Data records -
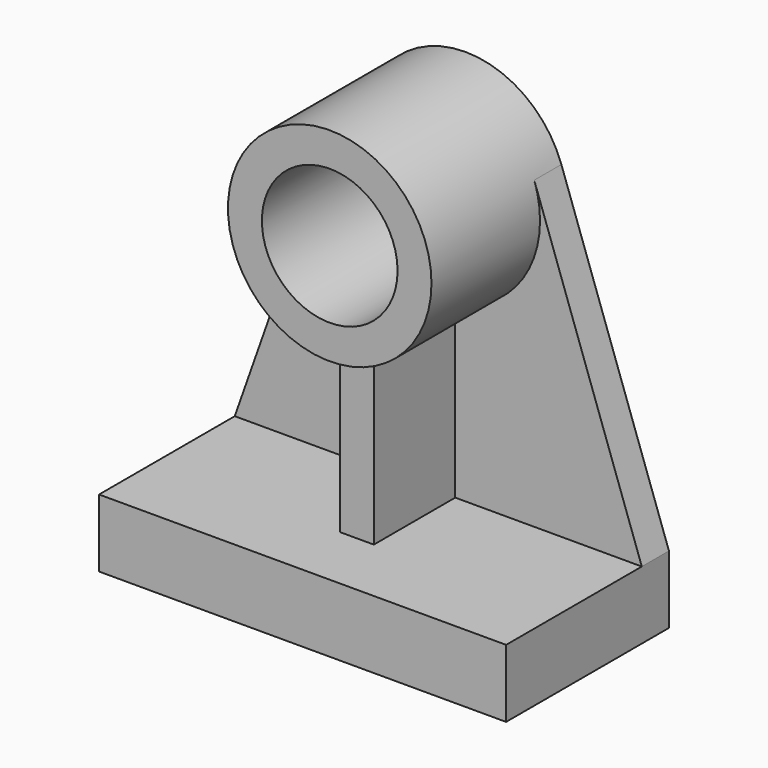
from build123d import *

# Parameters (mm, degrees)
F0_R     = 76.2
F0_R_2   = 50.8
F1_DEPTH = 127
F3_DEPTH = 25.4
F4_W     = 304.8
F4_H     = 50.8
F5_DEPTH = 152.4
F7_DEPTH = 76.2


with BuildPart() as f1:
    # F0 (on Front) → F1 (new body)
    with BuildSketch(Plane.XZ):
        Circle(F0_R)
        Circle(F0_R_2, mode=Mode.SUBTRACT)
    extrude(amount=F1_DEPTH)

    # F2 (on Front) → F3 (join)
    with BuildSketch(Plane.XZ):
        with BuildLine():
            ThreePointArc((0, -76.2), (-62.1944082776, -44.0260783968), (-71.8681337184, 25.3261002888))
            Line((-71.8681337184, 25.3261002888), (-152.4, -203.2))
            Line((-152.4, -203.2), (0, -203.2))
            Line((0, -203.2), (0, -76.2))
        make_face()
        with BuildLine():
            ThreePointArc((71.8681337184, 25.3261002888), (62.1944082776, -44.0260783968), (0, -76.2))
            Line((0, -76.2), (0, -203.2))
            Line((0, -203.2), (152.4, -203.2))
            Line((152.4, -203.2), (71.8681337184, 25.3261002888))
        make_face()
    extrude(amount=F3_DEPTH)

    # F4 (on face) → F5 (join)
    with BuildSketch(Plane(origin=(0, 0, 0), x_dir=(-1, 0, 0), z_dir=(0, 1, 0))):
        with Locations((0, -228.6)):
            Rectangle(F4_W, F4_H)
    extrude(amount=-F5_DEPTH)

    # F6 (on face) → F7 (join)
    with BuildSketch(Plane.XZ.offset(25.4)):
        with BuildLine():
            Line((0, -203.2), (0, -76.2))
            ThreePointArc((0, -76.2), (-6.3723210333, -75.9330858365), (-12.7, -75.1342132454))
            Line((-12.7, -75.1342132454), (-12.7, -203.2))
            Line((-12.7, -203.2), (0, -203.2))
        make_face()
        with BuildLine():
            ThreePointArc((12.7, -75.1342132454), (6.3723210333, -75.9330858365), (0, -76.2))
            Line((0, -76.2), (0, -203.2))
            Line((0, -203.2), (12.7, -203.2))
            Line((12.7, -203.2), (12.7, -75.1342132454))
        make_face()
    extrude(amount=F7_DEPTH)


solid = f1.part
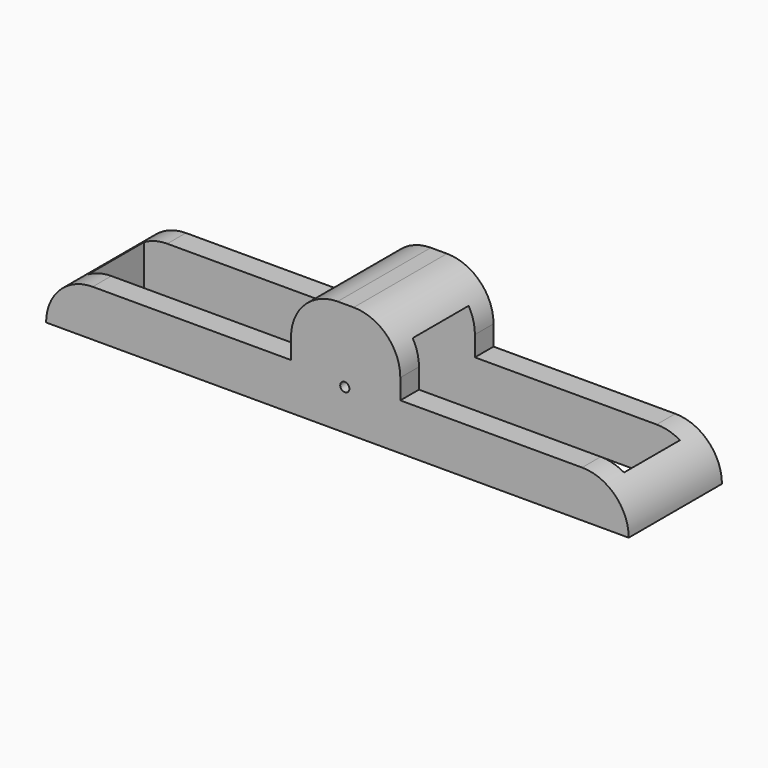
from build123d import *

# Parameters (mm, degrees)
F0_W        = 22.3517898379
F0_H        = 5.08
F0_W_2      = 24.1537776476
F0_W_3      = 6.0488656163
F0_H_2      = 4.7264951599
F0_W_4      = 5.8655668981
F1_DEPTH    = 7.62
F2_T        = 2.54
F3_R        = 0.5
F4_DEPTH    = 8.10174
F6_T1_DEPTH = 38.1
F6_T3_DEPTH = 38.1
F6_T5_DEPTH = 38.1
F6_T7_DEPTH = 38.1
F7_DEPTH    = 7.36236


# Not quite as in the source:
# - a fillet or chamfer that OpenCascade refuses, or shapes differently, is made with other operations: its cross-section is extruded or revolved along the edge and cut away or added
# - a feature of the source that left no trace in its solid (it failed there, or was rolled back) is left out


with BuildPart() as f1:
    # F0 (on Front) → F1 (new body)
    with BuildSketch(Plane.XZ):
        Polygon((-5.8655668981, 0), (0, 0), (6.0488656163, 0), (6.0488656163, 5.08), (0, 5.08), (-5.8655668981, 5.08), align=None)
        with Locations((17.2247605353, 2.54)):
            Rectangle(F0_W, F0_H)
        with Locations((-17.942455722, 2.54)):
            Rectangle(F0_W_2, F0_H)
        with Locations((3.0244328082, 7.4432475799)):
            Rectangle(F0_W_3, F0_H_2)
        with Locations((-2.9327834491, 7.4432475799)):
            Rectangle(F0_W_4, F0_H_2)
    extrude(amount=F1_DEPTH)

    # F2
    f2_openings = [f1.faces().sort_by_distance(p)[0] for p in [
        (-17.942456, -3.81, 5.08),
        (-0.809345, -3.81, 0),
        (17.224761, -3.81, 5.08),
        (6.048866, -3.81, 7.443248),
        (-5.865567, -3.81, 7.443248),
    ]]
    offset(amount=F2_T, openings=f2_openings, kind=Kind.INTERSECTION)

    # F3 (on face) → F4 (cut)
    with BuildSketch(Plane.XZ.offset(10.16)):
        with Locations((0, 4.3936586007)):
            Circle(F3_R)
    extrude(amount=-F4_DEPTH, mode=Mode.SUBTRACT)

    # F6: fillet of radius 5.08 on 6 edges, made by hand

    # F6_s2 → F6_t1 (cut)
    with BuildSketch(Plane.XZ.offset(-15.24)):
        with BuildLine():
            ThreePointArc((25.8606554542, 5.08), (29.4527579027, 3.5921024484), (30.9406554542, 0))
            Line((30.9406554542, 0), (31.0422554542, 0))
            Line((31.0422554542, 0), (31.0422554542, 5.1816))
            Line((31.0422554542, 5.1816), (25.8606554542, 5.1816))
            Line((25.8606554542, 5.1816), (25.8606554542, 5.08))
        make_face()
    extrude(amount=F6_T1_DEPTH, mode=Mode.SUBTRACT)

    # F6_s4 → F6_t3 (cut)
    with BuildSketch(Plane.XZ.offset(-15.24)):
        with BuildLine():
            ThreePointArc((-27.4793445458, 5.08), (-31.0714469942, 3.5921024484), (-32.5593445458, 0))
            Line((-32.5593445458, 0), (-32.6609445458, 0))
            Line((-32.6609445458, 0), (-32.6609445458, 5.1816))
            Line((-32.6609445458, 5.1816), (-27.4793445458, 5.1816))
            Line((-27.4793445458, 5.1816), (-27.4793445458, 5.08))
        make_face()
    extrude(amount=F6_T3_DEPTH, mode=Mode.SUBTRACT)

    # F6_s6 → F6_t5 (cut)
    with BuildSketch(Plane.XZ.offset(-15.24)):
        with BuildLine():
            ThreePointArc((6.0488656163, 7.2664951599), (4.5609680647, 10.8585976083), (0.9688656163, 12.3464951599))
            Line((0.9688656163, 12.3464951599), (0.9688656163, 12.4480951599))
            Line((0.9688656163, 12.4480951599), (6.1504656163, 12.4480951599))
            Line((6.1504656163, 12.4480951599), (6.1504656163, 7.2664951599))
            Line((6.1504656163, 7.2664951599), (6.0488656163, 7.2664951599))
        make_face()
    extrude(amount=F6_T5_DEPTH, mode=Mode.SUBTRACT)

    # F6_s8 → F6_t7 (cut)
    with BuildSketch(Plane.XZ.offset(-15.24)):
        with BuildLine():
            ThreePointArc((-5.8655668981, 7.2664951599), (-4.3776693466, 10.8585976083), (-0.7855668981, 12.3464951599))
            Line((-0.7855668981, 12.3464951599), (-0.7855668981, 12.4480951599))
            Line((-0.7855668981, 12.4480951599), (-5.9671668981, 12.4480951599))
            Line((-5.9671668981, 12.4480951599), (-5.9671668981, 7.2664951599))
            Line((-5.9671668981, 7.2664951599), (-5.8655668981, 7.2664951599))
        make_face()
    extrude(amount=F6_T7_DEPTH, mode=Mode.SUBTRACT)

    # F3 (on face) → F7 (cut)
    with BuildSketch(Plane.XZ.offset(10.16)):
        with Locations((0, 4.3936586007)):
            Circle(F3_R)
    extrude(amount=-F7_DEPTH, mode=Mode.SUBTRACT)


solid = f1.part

What to work on - The images in the entries above should be left out; please reproduce exactly the lines from the first through the one containing "F6_T7_DEPTH = 38.1".

Answer section -
from build123d import *

# Parameters (mm, degrees)
F0_R     = 76.2
F0_R_2   = 50.8
F1_DEPTH = 127
F3_DEPTH = 25.4
F4_W     = 304.8
F4_H     = 50.8
F5_DEPTH = 152.4
F7_DEPTH = 76.2


with BuildPart() as f1:
    # F0 (on Front) → F1 (new body)
    with BuildSketch(Plane.XZ):
        Circle(F0_R)
        Circle(F0_R_2, mode=Mode.SUBTRACT)
    extrude(amount=F1_DEPTH)

    # F2 (on Front) → F3 (join)
    with BuildSketch(Plane.XZ):
        with BuildLine():
            ThreePointArc((0, -76.2), (-62.1944082776, -44.0260783968), (-71.8681337184, 25.3261002888))
            Line((-71.8681337184, 25.3261002888), (-152.4, -203.2))
            Line((-152.4, -203.2), (0, -203.2))
            Line((0, -203.2), (0, -76.2))
        make_face()
        with BuildLine():
            ThreePointArc((71.8681337184, 25.3261002888), (62.1944082776, -44.0260783968), (0, -76.2))
            Line((0, -76.2), (0, -203.2))
            Line((0, -203.2), (152.4, -203.2))
            Line((152.4, -203.2), (71.8681337184, 25.3261002888))
        make_face()
    extrude(amount=F3_DEPTH)

    # F4 (on face) → F5 (join)
    with BuildSketch(Plane(origin=(0, 0, 0), x_dir=(-1, 0, 0), z_dir=(0, 1, 0))):
        with Locations((0, -228.6)):
            Rectangle(F4_W, F4_H)
    extrude(amount=-F5_DEPTH)

    # F6 (on face) → F7 (join)
    with BuildSketch(Plane.XZ.offset(25.4)):
        with BuildLine():
            Line((0, -203.2), (0, -76.2))
            ThreePointArc((0, -76.2), (-6.3723210333, -75.9330858365), (-12.7, -75.1342132454))
            Line((-12.7, -75.1342132454), (-12.7, -203.2))
            Line((-12.7, -203.2), (0, -203.2))
        make_face()
        with BuildLine():
            ThreePointArc((12.7, -75.1342132454), (6.3723210333, -75.9330858365), (0, -76.2))
            Line((0, -76.2), (0, -203.2))
            Line((0, -203.2), (12.7, -203.2))
            Line((12.7, -203.2), (12.7, -75.1342132454))
        make_face()
    extrude(amount=F7_DEPTH)


solid = f1.part
from build123d import *

# Parameters (mm, degrees)
F0_W        = 22.3517898379
F0_H        = 5.08
F0_W_2      = 24.1537776476
F0_W_3      = 6.0488656163
F0_H_2      = 4.7264951599
F0_W_4      = 5.8655668981
F1_DEPTH    = 7.62
F2_T        = 2.54
F3_R        = 0.5
F4_DEPTH    = 8.10174
F6_T1_DEPTH = 38.1
F6_T3_DEPTH = 38.1
F6_T5_DEPTH = 38.1
F6_T7_DEPTH = 38.1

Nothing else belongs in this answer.